Building Sensor Stream Server also builds Sensor Stream Client and Sensor Stream Tester.

```
git clone git@github.com:moetsi/Sensor-Stream-Pipe.git
cd Sensor-Stream-Pipe
mkdir build
cd build
cmake .. -DSSP_WITH_KINECT_SUPPORT=ON -DSSP_WITH_K4A_BODYTRACK=ON -DSSP_WITH_NVPIPE_SUPPORT=ON
make ssp_server
```

You can turn off Kinect, Bodytrack and NVPipe support by changing the following to the `cmake ..` options to off:

```
-DSSP_WITH_KINECT_SUPPORT=OFF
-DSSP_WITH_K4A_BODYTRACK=OFF
-DSSP_WITH_NVPIPE_SUPPORT=OFF
```

## Starting the Sensor Stream Server

```
./bin/ssp_server <configuration file>
```

The Sensor Stream Server will start streaming frame data by default, but **it will not keep any frames if it is not connected to a client**. This is a zmq setting. From ssp\_server.cc:

```
// Do not accumulate packets if no client is connected
socket.set(zmq::sockopt::immediate, true);
```

When it connects to Sensor Stream Client, the packets in the buffer will be sent first. After the buffer has emptied, the Sensor Stream Server will resume reading frames from the selected input in order, ensuring that no frames are dropped.
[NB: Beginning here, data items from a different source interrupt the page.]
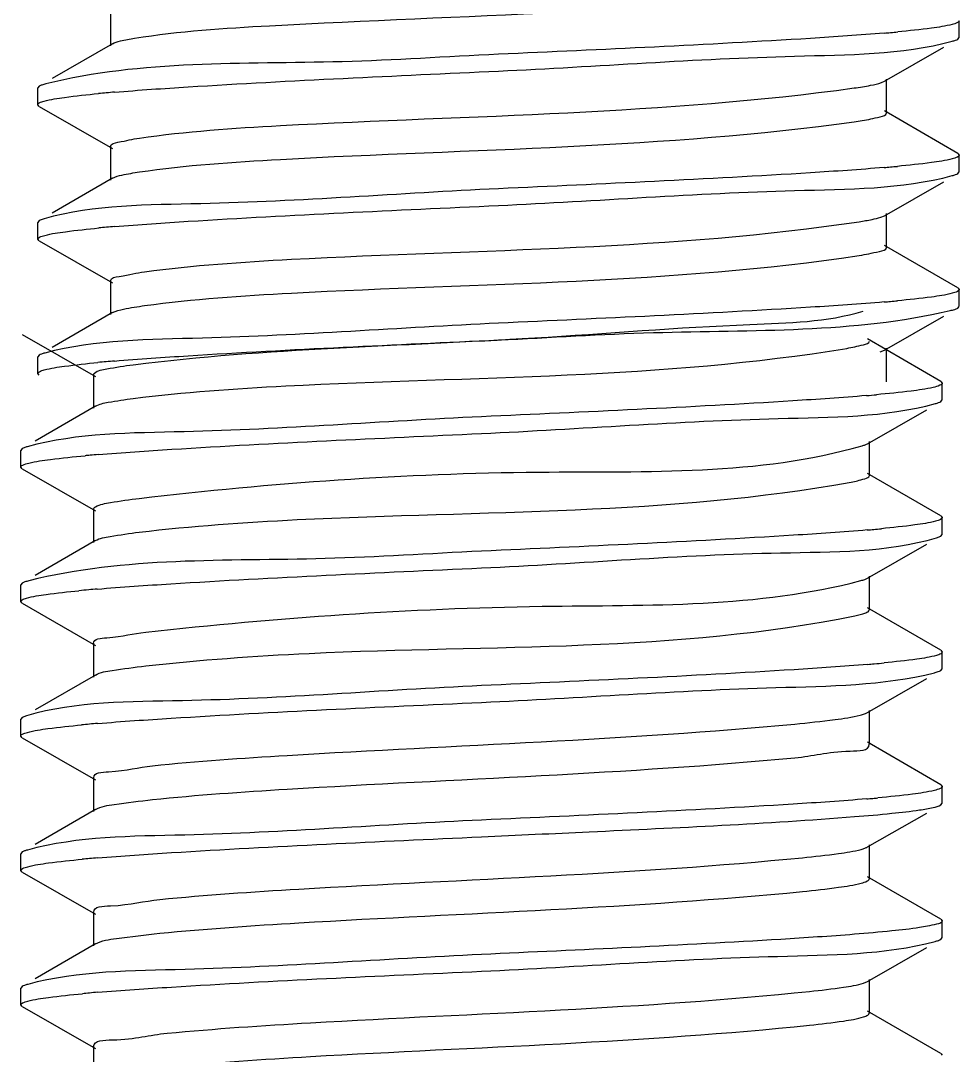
# Model space of a CAD drawing. Extents: x 1247970 to 1725648, y 860327 to 1277876.
# Drawn here: x 1322488.9 to 1322551.1, y 1200181.5 to 1200250.1 of the extents above; entities that cross this region are included whole.
import ezdxf

# ---------------------------------------------------------------- set-up
doc = ezdxf.new("R2010")
doc.units = 0
doc.header["$LTSCALE"] = 1000
doc.header["$MEASUREMENT"] = 0
doc.layers.get('0').update_dxf_attribs({"color": 254})
doc.layers.add('TK', color=4, linetype='Continuous')

# ---------------------------------------------------------------- blocks, each defined once
blk = doc.blocks.new('A$C7BF01818')
at = {"linetype": 'Continuous'}
for p, q in [((1831.131, 6761.15), (1831.131, 6758.91)), ((1887.379, 6759.461), (1887.379, 6760.572)), ((1887.279, 6759.346), (1887.379, 6759.461)), ((1831.248, 6759.045), (1827.256, 6756.731)), ((1882.425, 6756.559), (1886.344, 6758.809)), ((1882.214, 6756.469), (1882.424, 6756.559)), ((1882.544, 6754.456), (1882.544, 6756.696)), ((1826.394, 6756.232), (1826.295, 6756.119)), ((1826.295, 6755.007), (1826.295, 6756.118)), ((1826.396, 6754.892), (1826.295, 6755.006)), ((1826.396, 6754.892), (1831.25, 6752.105)), ((1887.281, 6751.778), (1882.427, 6754.591)), ((1831.131, 6752.242), (1831.131, 6750.002)), ((1887.281, 6751.778), (1887.379, 6751.664)), ((1887.379, 6750.553), (1887.379, 6751.664)), ((1887.279, 6750.438), (1887.379, 6750.553)), ((1831.248, 6750.137), (1827.256, 6747.823)), ((1882.425, 6747.651), (1886.344, 6749.901)), ((1882.176, 6747.548), (1882.424, 6747.651)), ((1882.544, 6745.548), (1882.544, 6747.788)), ((1826.394, 6747.324), (1826.295, 6747.209)), ((1826.295, 6746.099), (1826.295, 6747.21)), ((1826.718, 6747.446), (1826.394, 6747.324)), ((1826.396, 6745.984), (1826.295, 6746.099)), ((1826.396, 6745.984), (1831.25, 6743.197)), ((1887.281, 6742.87), (1882.427, 6745.683)), ((1831.131, 6743.334), (1831.131, 6741.094)), ((1887.281, 6742.87), (1887.379, 6742.756)), ((1887.379, 6741.645), (1887.379, 6742.756)), ((1887.279, 6741.53), (1887.379, 6741.644)), ((1831.248, 6741.229), (1827.256, 6738.915)), ((1882.425, 6738.743), (1886.344, 6740.993)), ((1825.268, 6739.782), (1830.123, 6736.996)), ((1886.154, 6736.668), (1881.3, 6739.482)), ((1882.127, 6738.624), (1882.423, 6738.743)), ((1882.544, 6736.64), (1882.544, 6738.88)), ((1826.394, 6738.416), (1826.295, 6738.302)), ((1826.295, 6737.19), (1826.295, 6738.302)), ((1826.396, 6737.076), (1826.295, 6737.19)), ((1830.004, 6737.132), (1830.004, 6734.893)), ((1886.154, 6736.668), (1886.252, 6736.554)), ((1886.252, 6735.443), (1886.252, 6736.555)), ((1886.152, 6735.328), (1886.252, 6735.443)), ((1830.12, 6735.028), (1826.129, 6732.714)), ((1881.298, 6732.542), (1885.217, 6734.792)), ((1881.416, 6730.439), (1881.416, 6732.678)), ((1825.266, 6732.214), (1825.168, 6732.101)), ((1825.168, 6730.989), (1825.168, 6732.101)), ((1825.268, 6730.874), (1825.168, 6730.99)), ((1825.268, 6730.874), (1830.123, 6728.088)), ((1886.154, 6727.76), (1881.3, 6730.574)), ((1830.004, 6728.224), (1830.004, 6725.985)), ((1886.154, 6727.76), (1886.252, 6727.647)), ((1886.252, 6726.535), (1886.252, 6727.647)), ((1885.869, 6726.31), (1886.151, 6726.42)), ((1886.152, 6726.42), (1886.252, 6726.536)), ((1830.12, 6726.12), (1826.129, 6723.806)), ((1881.298, 6723.634), (1885.217, 6725.884)), ((1881.416, 6721.53), (1881.416, 6723.77)), ((1825.266, 6723.306), (1825.168, 6723.193)), ((1825.168, 6722.081), (1825.168, 6723.193)), ((1825.268, 6721.966), (1825.168, 6722.081)), ((1825.268, 6721.966), (1830.123, 6719.18)), ((1886.154, 6718.852), (1881.3, 6721.666)), ((1830.004, 6719.316), (1830.004, 6717.076)), ((1886.154, 6718.852), (1886.252, 6718.739)), ((1886.252, 6717.627), (1886.252, 6718.739)), ((1886.152, 6717.512), (1886.252, 6717.627)), ((1830.12, 6717.211), (1826.129, 6714.898)), ((1881.298, 6714.726), (1885.228, 6716.982)), ((1881.416, 6712.622), (1881.416, 6714.862)), ((1825.266, 6714.398), (1825.168, 6714.284)), ((1825.168, 6713.173), (1825.168, 6714.284)), ((1825.553, 6714.51), (1825.267, 6714.398)), ((1825.268, 6713.058), (1825.168, 6713.173)), ((1825.268, 6713.058), (1830.123, 6710.272)), ((1886.154, 6709.944), (1881.3, 6712.757)), ((1830.004, 6710.408), (1830.004, 6708.168)), ((1886.154, 6709.944), (1886.252, 6709.83)), ((1886.252, 6708.719), (1886.252, 6709.83)), ((1886.152, 6708.604), (1886.252, 6708.719)), ((1830.12, 6708.303), (1826.129, 6705.99)), ((1881.298, 6705.818), (1885.217, 6708.068)), ((1881.416, 6703.714), (1881.416, 6705.954)), ((1825.266, 6705.49), (1825.168, 6705.376)), ((1825.168, 6704.265), (1825.168, 6705.376)), ((1825.268, 6704.15), (1825.168, 6704.265)), ((1825.268, 6704.15), (1830.123, 6701.364)), ((1886.154, 6701.036), (1881.3, 6703.849)), ((1830.004, 6701.5), (1830.004, 6699.26)), ((1886.154, 6701.036), (1886.252, 6700.922)), ((1886.252, 6699.811), (1886.252, 6700.922)), ((1886.152, 6699.696), (1886.252, 6699.811)), ((1830.12, 6699.395), (1826.129, 6697.082)), ((1881.298, 6696.91), (1885.217, 6699.16)), ((1881.038, 6696.802), (1881.297, 6696.91)), ((1881.416, 6694.806), (1881.416, 6697.046)), ((1825.266, 6696.582), (1825.168, 6696.468)), ((1825.168, 6695.357), (1825.168, 6696.468)), ((1825.268, 6695.242), (1825.168, 6695.357)), ((1825.268, 6695.242), (1830.123, 6692.456)), ((1886.154, 6692.128), (1881.3, 6694.941)), ((1830.004, 6692.592), (1830.004, 6690.352)), ((1886.154, 6692.128), (1886.252, 6692.014))]:
    blk.add_line(p, q, dxfattribs=at)
for centre, radius, start, end in [((1873.71, 6863.067), 103.681, 275.04241, 275.30531), ((1872.155, 6880.65), 121.332, 274.84459, 275.04378), ((1839.862, 6653.659), 102.529, 95.0459, 95.33671), ((1841.705, 6632.804), 123.465, 94.79319, 95.04657), ((1876.78, 6780.261), 26.635, 277.83079, 279.00476), ((1873.668, 6854.623), 104.146, 275.04051, 275.29304), ((1872.145, 6871.86), 121.451, 274.84334, 275.04162), ((1839.904, 6644.281), 103, 95.04344, 95.32579), ((1841.73, 6623.603), 123.759, 94.78953, 95.04382), ((1873.693, 6845.432), 103.863, 275.04169, 275.30057), ((1872.151, 6862.882), 121.381, 274.84407, 275.04296), ((1839.789, 6636.642), 101.727, 95.04874, 95.35912), ((1841.695, 6615.094), 123.359, 94.7935, 95.04992), ((1871.337, 6853.019), 117.705, 274.82098, 275.14834), ((1839.215, 6624.303), 107.889, 95.02308, 95.20197), ((1840.715, 6607.194), 125.063, 94.77794, 95.02125), ((1872.668, 6829.19), 102.725, 275.04624, 275.33063), ((1871.049, 6847.486), 121.093, 274.84681, 275.04817), ((1838.386, 6624.56), 98.686, 95.06122, 95.44286), ((1840.491, 6600.88), 122.46, 94.80236, 95.06474), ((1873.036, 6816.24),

The Sensor Stream Server configuration is stored in a YAML file. It includes Sensor Stream Client host and port, input data configuration and encoding configuration.

The format of the file (encoding Kinect DK frame data with the Nvidia encoder) is as follows:

```
general:
  host: "192.168.1.64"
  port: 9999
  log_level: "debug"
  log_file: "ssp_server.log"
  frame_source: 
    type: "kinect"
    parameters:
        stream_color_video: True
        stream_depth_video: True
        stream_ir_video: True
        streaming_color_format: "K4A_IMAGE_FORMAT_COLOR_BGRA32"
        streaming_color_resolution: "K4A_COLOR_RESOLUTION_720P"
        streaming_depth_mode: "K4A_DEPTH_MODE_NFOV_UNBINNED"
        wired_sync_mode: "K4A_WIRED_SYNC_MODE_STANDALONE"
        streaming_rate: "K4A_FRAMES_PER_SECOND_30"
        absoluteExposureValue: 0
video_encoder:
  0: #color
    type: "nvenc"
    codec_name: "NVPIPE_HEVC"
    input_format: "NVPIPE_RGBA32"
    bit_rate: 4000000
  1: #depth
    type: "zdepth"
  2: #ir
    type: "nvenc"
    codec_name: "NVPIPE_HEVC"
    input_format: "NVPIPE_UINT16"
    bit_rate: 15000000

```

The `config/` folder includes a set of examples for all types of data using multiple encoders, codecs and parameters.